The second test was the one that mattered. We fed the system a persona plus a matching role profile, along with the context from an ongoing team conversation about a component pattern — something we'd been talking about but had not yet designed. We asked it to produce the pattern. It did a respectable job. The reasoning the team had been doing for weeks came back as a concrete artifact in seconds, shaped by the institutional context we'd given the model access to.

What it didn't do was render correctly against the design system. Figma Make, at the time, couldn't reliably enforce a design system library built in Figma design — the output we got needed substantial rework to match the real component library. The reasoning layer worked. The production layer was the bottleneck, which is why the toolchain question became a live one.

The layoff ended the project early. What we had was a working MVP and two tests demonstrating the core claim — institutional context, encoded and retrievable, shapes what a model produces — was real.

Where this sits

This is methodology, not product. It's hard to demo. Half the value is in what you choose to put in the knowledge base, and the choosing is the expertise — not the structure. I'm generalizing the healthcare-specific examples so the same methodology can travel to other high-stakes domains. Healthcare made the thinking sharp, but the work isn't healthcare-specific. It applies anywhere the design decisions have consequences.

The formal project Domain Foundation came out of was in active development when the layoff ended it. What I'm carrying forward is the pattern.

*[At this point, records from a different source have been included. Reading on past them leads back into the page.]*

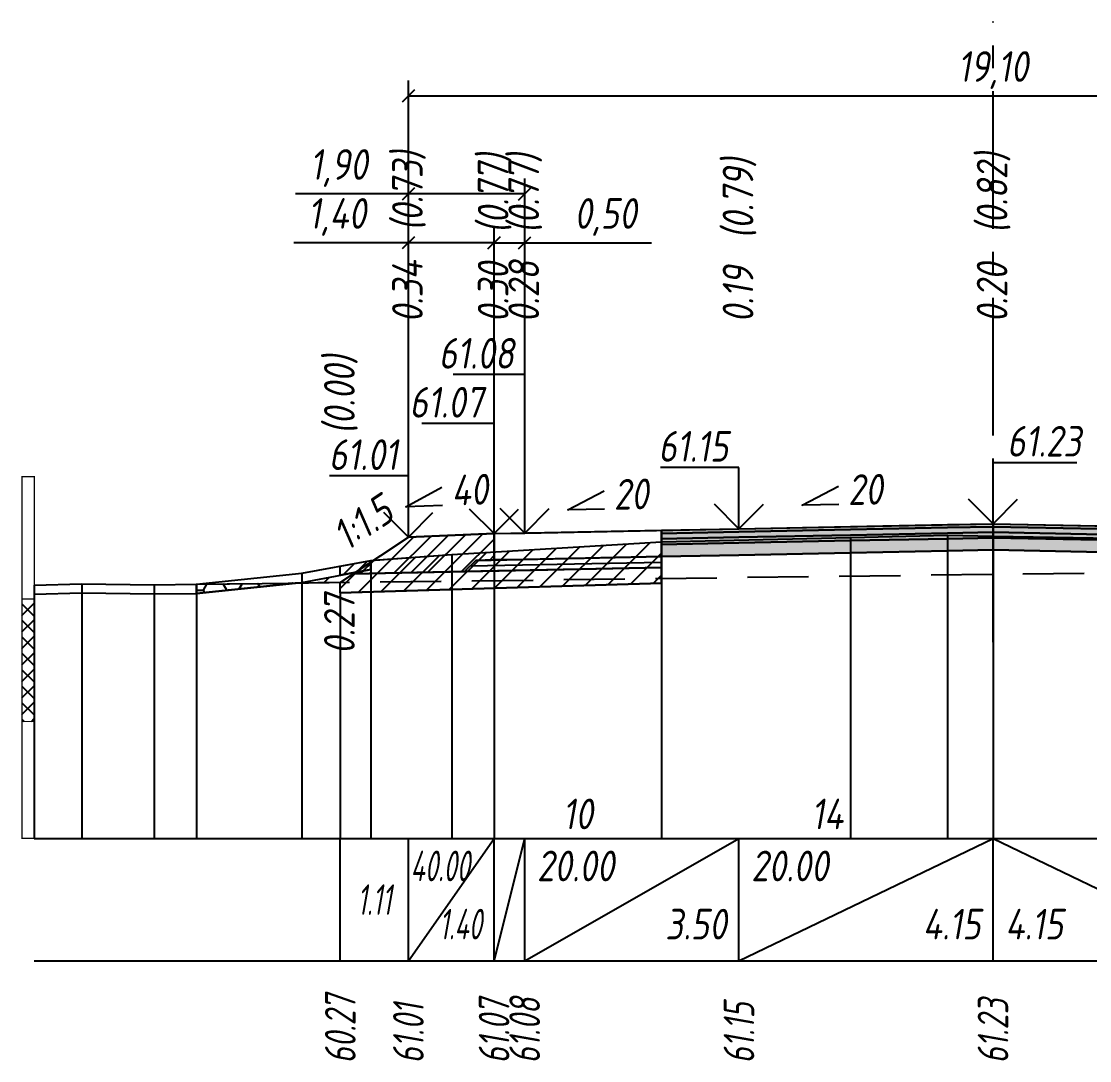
# Model space of a CAD drawing. Extents: x -717 to 1451, y -133302 to 233.
# Drawn here: x 78.9 to 166.2, y -61071.2 to -60986.3 of the extents above; entities that cross this region are included whole.
import ezdxf
from ezdxf.enums import TextEntityAlignment as Align

# ---------------------------------------------------------------- set-up
doc = ezdxf.new("R2010")
doc.units = 0
doc.linetypes.add('осевая2', pattern=[1.125, 0.75, -0.125, 0.125, -0.125])
doc.linetypes.add('штриховая', pattern=[0.75, 0.5, -0.25])
for name, color, linetype in [('Интерполированный поперечник', 2, 'Continuous'), ('Код_514', 1, 'Continuous'), ('Контур_0', 7, 'Continuous'), ('Контур_2521', 7, 'Continuous'), ('Контур_2564', 7, 'Continuous'), ('Контур_2660', 7, 'Continuous'), ('Контур_2665', 7, 'Continuous'), ('Контур_400', 7, 'Continuous'), ('Контур_508', 7, 'Continuous'), ('Контур_512', 7, 'Continuous'), ('Контур_513', 7, 'Continuous'), ('Контур_818', 7, 'Continuous'), ('Красный поперечник', 1, 'Continuous'), ('Линейка абсолютных высот', 7, 'Continuous'), ('Объём_2501', 7, 'Continuous'), ('Объём_2564', 7, 'Continuous'), ('Объём_2650', 7, 'Continuous'), ('Объём_2660', 7, 'Continuous'), ('Объём_2661', 7, 'Continuous'), ('Объём_2665', 7, 'Continuous'), ('Объём_2666', 7, 'Continuous'), ('Объём_2667', 7, 'Continuous'), ('Объём_2668', 7, 'Continuous'), ('Объём_2669', 7, 'Continuous'), ('Объём_2675', 7, 'Continuous'), ('Объём_2753', 7, 'Continuous'), ('Ось', 1, 'осевая2'), ('Откосы', 7, 'Continuous'), ('Отметки покрытия', 7, 'Continuous'), ('Рабочие отметки', 7, 'Continuous'), ('Рабочие отметки доп.', 7, 'Continuous'), ('Слои выравнивания', 7, 'Continuous'), ('Таблица', 7, 'Continuous'), ('Уклоны проезжей части', 7, 'Continuous'), ('Черный поперечник', 3, 'Continuous')]:
    doc.layers.add(name, color=color, linetype=linetype)
for name, color, linetype, true_color in [('Контур_2540', 2, 'Continuous', 0xffff00), ('Контур_2560', 2, 'Continuous', 0xffff00), ('Контур_2561', 7, 'Continuous', 0xff8040), ('Контур_2562', 3, 'Continuous', 0x00ff00), ('Контур_2563', 7, 'Continuous', 0xff8000), ('Контур_2570', 7, 'Continuous', 0x80ff00), ('Контур_2725', 7, 'Continuous', 0x323232), ('Контур_2736', 4, 'Continuous', 0x00ffff), ('Контур_2737', 4, 'Continuous', 0x00ffff), ('Контур_2738', 4, 'Continuous', 0x00ffff), ('Контур_2739', 4, 'Continuous', 0x00ffff), ('Контур_2741', 4, 'Continuous', 0x00ffff), ('Контур_2742', 4, 'Continuous', 0x00ffff), ('Контур_2743', 4, 'Continuous', 0x00ffff), ('Контур_2744', 7, 'Continuous', 0xa4ffff), ('Контур_2745', 7, 'Continuous', 0xa4ffff), ('Контур_2747', 4, 'Continuous', 0x00ffff), ('Контур_2748', 4, 'Continuous', 0x00ffff), ('Контур_2749', 4, 'Continuous', 0x00ffff), ('Контур_2750', 4, 'Continuous', 0x00ffff), ('Контур_2751', 4, 'Continuous', 0x00ffff), ('Контур_2752', 4, 'Continuous', 0x00ffff), ('Контур_2760', 7, 'Continuous', 0x323232), ('Контур_2761', 7, 'Continuous', 0x323232), ('Контур_2762', 7, 'Continuous', 0x323232), ('Контур_2763', 7, 'Continuous', 0x323232), ('Контур_402', 7, 'Continuous', 0xff6464), ('Контур_703', 4, 'Continuous', 0x00ffff), ('Контур_705', 4, 'Continuous', 0x00ffff), ('Контур_707', 4, 'Continuous', 0x00ffff), ('Контур_720', 131, 'Continuous', 0xaaffff), ('Объём_2500', 7, 'Continuous', 0xc0c0c0), ('Объём_2520', 7, 'Continuous', 0x80ffff), ('Объём_2540', 2, 'Continuous', 0xffff00), ('Объём_2560', 2, 'Continuous', 0xffff00), ('Объём_2561', 7, 'Continuous', 0xff8040), ('Объём_2562', 3, 'Continuous', 0x00ff00), ('Объём_2563', 7, 'Continuous', 0xff8000), ('Объём_2570', 7, 'Continuous', 0x80ff00), ('Объём_2600', 7, 'Continuous', 0x808000), ('Объём_2746', 2, 'Continuous', 0xffff00)]:
    doc.layers.add(name, color=color, linetype=linetype, true_color=true_color)
doc.styles.get("Standard").update_dxf_attribs({"font": 'txt', "height": 2.5})
doc.styles.add('М', font='romand.shx', dxfattribs={"width": 0.8, "oblique": 10, "height": 2.5})
doc.dimstyles.new('ISO-25', dxfattribs={"dimtxt": 2.5, "dimasz": 2.5, "dimexe": 1.25, "dimexo": 0.625, "dimtad": 1, "dimtxsty": 'Standard', "dimcen": 2.5, "dimadec": 0, "dimazin": 0, "dimtfac": 1, "dimtmove": 0, "dimatfit": 3, "dimfxl": 1, "dimarcsym": 0})

# ---------------------------------------------------------------- blocks, each defined once
blk = doc.blocks.new('_Oblique')
at = {"color": 0, "linetype": 'ByBlock', "lineweight": -2}
blk.add_line((-0.5, -0.5), (0.5, 0.5), dxfattribs=at)
blk = doc.blocks.new('*D1463')
at = {"color": 0, "lineweight": -2, "transparency": 16777216}
for p, q in [((110.559, -61027.824), (110.559, -61003.104)), ((117.559, -61027.544), (117.559, -61003.104)), ((110.559, -61004.354), (101.195, -61004.354)), ((117.559, -61004.354), (110.559, -61004.354))]:
    blk.add_line(p, q, dxfattribs=at)
at = {"layer": 'Defpoints', "color": 0, "transparency": 16777216}
for p in [(117.559, -61004.354), (117.559, -61028.169), (110.559, -61028.449)]:
    blk.add_point(p, dxfattribs=at)
at = {"color": 0, "lineweight": -2, "transparency": 16777216, "rotation": 180}
blk.add_blockref('_Oblique', (110.559, -61004.354), dxfattribs=at)
at = {"color": 0, "lineweight": -2, "transparency": 16777216}
blk.add_blockref('_Oblique', (117.559, -61004.354), dxfattribs=at)
at = {"color": 0, "transparency": 16777216, "insert": (104.735, -61002.241), "char_height": 2.5, "width": 8.75, "attachment_point": 5, "style": 'М'}
blk.add_mtext('1,40', dxfattribs=at)
blk = doc.blocks.new('*D1465')
at = {"color": 0, "lineweight": -2, "transparency": 16777216}
for p, q in [((117.559, -61027.544), (117.559, -61003.104)), ((120.059, -61027.494), (120.059, -61003.104)), ((117.559, -61004.354), (120.059, -61004.354)), ((120.059, -61004.354), (130.426, -61004.354))]:
    blk.add_line(p, q, dxfattribs=at)
at = {"layer": 'Defpoints', "color": 0, "transparency": 16777216}
for p in [(120.059, -61004.354), (117.559, -61028.169), (120.059, -61028.119)]:
    blk.add_point(p, dxfattribs=at)
at = {"color": 0, "lineweight": -2, "transparency": 16777216, "rotation": 180}
blk.add_blockref('_Oblique', (117.559, -61004.354), dxfattribs=at)
at = {"color": 0, "lineweight": -2, "transparency": 16777216}
blk.add_blockref('_Oblique', (120.059, -61004.354), dxfattribs=at)
at = {"color": 0, "transparency": 16777216, "insert": (126.665, -61002.241), "char_height": 2.5, "width": 9.16667, "attachment_point": 5, "style": 'М'}
blk.add_mtext('0,50', dxfattribs=at)
blk = doc.blocks.new('*D1468')
at = {"color": 0, "lineweight": -2, "transparency": 16777216}
for p, q in [((110.559, -61027.824), (110.559, -60999.104)), ((120.059, -61027.494), (120.059, -60999.104)), ((110.559, -61000.354), (101.333, -61000.354)), ((120.059, -61000.354), (110.559, -61000.354))]:
    blk.add_line(p, q, dxfattribs=at)
at = {"layer": 'Defpoints', "color": 0, "transparency": 16777216}
for p in [(120.059, -61000.354), (120.059, -61028.119), (110.559, -61028.449)]:
    blk.add_point(p, dxfattribs=at)
at = {"color": 0, "lineweight": -2, "transparency": 16777216, "rotation": 180}
blk.add_blockref('_Oblique', (110.559, -61000.354), dxfattribs=at)
at = {"color": 0, "lineweight": -2, "transparency": 16777216}
blk.add_blockref('_Oblique', (120.059, -61000.354), dxfattribs=at)
at = {"color": 0, "transparency": 16777216, "insert": (104.873, -60998.241), "char_height": 2.5, "width": 8.75, "attachment_point": 5, "style": 'М'}
blk.add_mtext('1,90', dxfattribs=at)
blk = doc.blocks.new('*D1469')
at = {"color": 0, "lineweight": -2, "transparency": 16777216}
for p, q in [((110.559, -61027.824), (110.559, -60991.104)), ((206.059, -61027.824), (206.059, -60991.104)), ((110.559, -60992.354), (206.059, -60992.354))]:
    blk.add_line(p, q, dxfattribs=at)
at = {"layer": 'Defpoints', "color": 0, "transparency": 16777216}
for p in [(206.059, -60992.354), (110.559, -61028.449), (206.059, -61028.449)]:
    blk.add_point(p, dxfattribs=at)
at = {"color": 0, "lineweight": -2, "transparency": 16777216, "rotation": 180}
blk.add_blockref('_Oblique', (110.559, -60992.354), dxfattribs=at)
at = {"color": 0, "lineweight": -2, "transparency": 16777216}
blk.add_blockref('_Oblique', (206.059, -60992.354), dxfattribs=at)
at = {"color": 0, "transparency": 16777216, "insert": (158.309, -60990.241), "char_height": 2.5, "width": 10.41667, "attachment_point": 5, "style": 'М'}
blk.add_mtext('19,10', dxfattribs=at)

msp = doc.modelspace()

# ---------------------------------------------------------------- hatches: boundary and pattern name
at = {"layer": 'Линейка абсолютных высот'}
h = msp.add_hatch(dxfattribs=at)
h.set_pattern_fill('ANSI37', scale=0.3, style=0)
h.set_pattern_definition([(45.0000013, (0, 0), (-0.67351924, 0.673519211), []), (135.0000003, (0, 0), (-0.673519222, -0.67351923), [])])
h.paths.add_polyline_path([(80, -61043.451), (80, -61033.451), (79, -61033.451), (79, -61043.451)])
at = {"layer": 'Объём_2563'}
h = msp.add_hatch(dxfattribs=at)
h.set_pattern_fill('ANSI31', color=256, scale=0.3)
h.paths.add_polyline_path([(110.559, -61028.386), (117.559, -61028.106), (117.559, -61030.256), (116.059, -61030.286), (115.141, -61031.205), (106.059, -61031.386)])
at = {"layer": 'Объём_2570'}
h = msp.add_hatch(dxfattribs=at)
h.set_pattern_fill('ANSI31', color=256, scale=0.2)
h.paths.add_polyline_path([(105, -61031.502), (105, -61030.752), (107.484, -61030.294), (107.484, -61031.044)])
at = {"layer": 'Объём_2600'}
h = msp.add_hatch(dxfattribs=at)
h.set_pattern_fill('ANSI31', color=6, scale=0.4)
h.paths.add_polyline_path([(105, -61032.94), (105, -61032.092), (101.313, -61032.139), (101.845, -61032.083), (107.484, -61031.044), (107.484, -61030.294), (114.119, -61029.803), (131.23, -61028.777), (131.23, -61032.154)])
h = msp.add_hatch(dxfattribs=at)
h.set_pattern_fill('HONEY', color=5, scale=0.3)
h.paths.add_polyline_path([(93.249, -61032.991), (93.249, -61032.241), (101.313, -61032.139)])
at = {"layer": 'Слои выравнивания'}
for color, points in [(2, [(131.23, -61027.833), (137.559, -61027.706), (146.67, -61027.524), (154.59, -61027.366), (158.309, -61027.291), (158.309, -61027.541), (154.59, -61027.616), (146.67, -61027.774), (137.559, -61027.956), (131.23, -61028.083)]), (2, [(158.309, -61027.291), (169.764, -61027.52), (176.948, -61027.664), (176.948, -61027.914), (169.764, -61027.77), (158.309, -61027.541)]), (3, [(131.23, -61028.083), (137.559, -61027.956), (146.67, -61027.774), (154.59, -61027.616), (158.309, -61027.541), (158.309, -61027.991), (154.59, -61028.066), (146.67, -61028.224), (137.559, -61028.406), (131.23, -61028.533)]), (4, [(131.23, -61028.533), (137.559, -61028.406), (146.67, -61028.224), (154.59, -61028.066), (158.309, -61027.991), (158.309, -61028.441), (154.59, -61028.516), (146.67, -61028.674), (137.559, -61028.856), (131.23, -61028.983)]), (3, [(158.309, -61027.541), (169.764, -61027.77), (176.948, -61027.914), (176.948, -61028.364), (169.764, -61028.22), (158.309, -61027.991)]), (4, [(158.309, -61027.991), (169.764, -61028.22), (176.948, -61028.364), (176.948, -61028.814), (169.764, -61028.67), (158.309, -61028.441)]), (5, [(131.23, -61028.983), (137.559, -61028.856), (146.67, -61028.674), (154.59, -61028.516), (158.309, -61028.441), (158.309, -61029.441), (154.59, -61029.516), (146.67, -61029.674), (137.559, -61029.856), (131.23, -61029.983)]), (5, [(158.309, -61028.441), (169.764, -61028.67), (176.948, -61028.814), (176.948, -61029.814), (169.764, -61029.67), (158.309, -61029.441)])]:
    msp.add_hatch(color=color, dxfattribs=at).paths.add_polyline_path(points)

# ---------------------------------------------------------------- linework, layer by layer
at = {"layer": 'Интерполированный поперечник', "linetype": 'штриховая', "ltscale": 10, "flags": 128}
msp.add_lwpolyline([(93.249, -61032.241), (218.502, -61030.652)], dxfattribs=at)
at = {"layer": 'Код_514'}
for p, q in [((105, -61063), (105, -61053)), ((110.559, -61063), (110.559, -61053)), ((110.559, -61063), (117.559, -61053)), ((117.559, -61063), (117.559, -61053)), ((117.559, -61063), (120.059, -61053)), ((120.059, -61063), (120.059, -61053)), ((120.059, -61063), (137.559, -61053)), ((137.559, -61063), (137.559, -61053)), ((137.559, -61063), (158.309, -61053)), ((158.309, -61063), (158.309, -61053)), ((158.309, -61053), (179.059, -61063))]:
    msp.add_line(p, q, dxfattribs=at)
at = {"layer": 'Контур_0', "flags": 128}
for points in [[(120.059, -61030.206), (117.559, -61030.256), (117.559, -61028.106), (131.23, -61027.833), (131.23, -61029.983), (120.059, -61030.206), (120.059, -61030.206)], [(110.559, -61028.386), (105, -61032.092), (105, -61032.092), (105, -61032.092), (105, -61032.092), (105, -61032.092), (105, -61032.092), (105, -61032.092), (105, -61032.092), (105, -61032.092), (105, -61032.092), (105, -61032.092), (105, -61032.092), (105, -61032.092), (105, -61032.092), (105, -61032.092)], [(110.559, -61028.386), (105, -61032.092), (105, -61032.092), (105, -61032.092), (105, -61032.092), (105, -61032.092), (105, -61032.092), (105, -61032.092), (105, -61032.092), (105, -61032.092), (105, -61032.092), (105, -61032.092), (105, -61032.092), (105, -61032.092), (105, -61032.092), (105, -61032.092), (105, -61032.092), (105, -61032.092), (105, -61032.092), (105, -61032.092), (105, -61032.092), (105, -61032.092), (105, -61032.092), (105, -61032.092), (105, -61032.092), (105, -61032.092), (105, -61032.092), (105, -61032.092), (105, -61032.092), (105, -61032.092)], [(116.059, -61030.286), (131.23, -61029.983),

The people I find myself talking to now are ones who've arrived at the same realization I did eighteen months ago: default models produce default output, and if you want design that reflects real institutional insight, you have to put that insight somewhere the model can actually reach. They're early in asking the question. I'm further along in answering it, because I spent a year and a half building toward it inside a real enterprise product. Those conversations are where the work is sitting right now.

The college habit — learning tools before the institution caught up to them — landed, this time, on the problem I think matters most in design for the next decade. Domain Foundation is the mature expression of twenty-five years of that habit. It's also just one answer to a problem that's going to need many.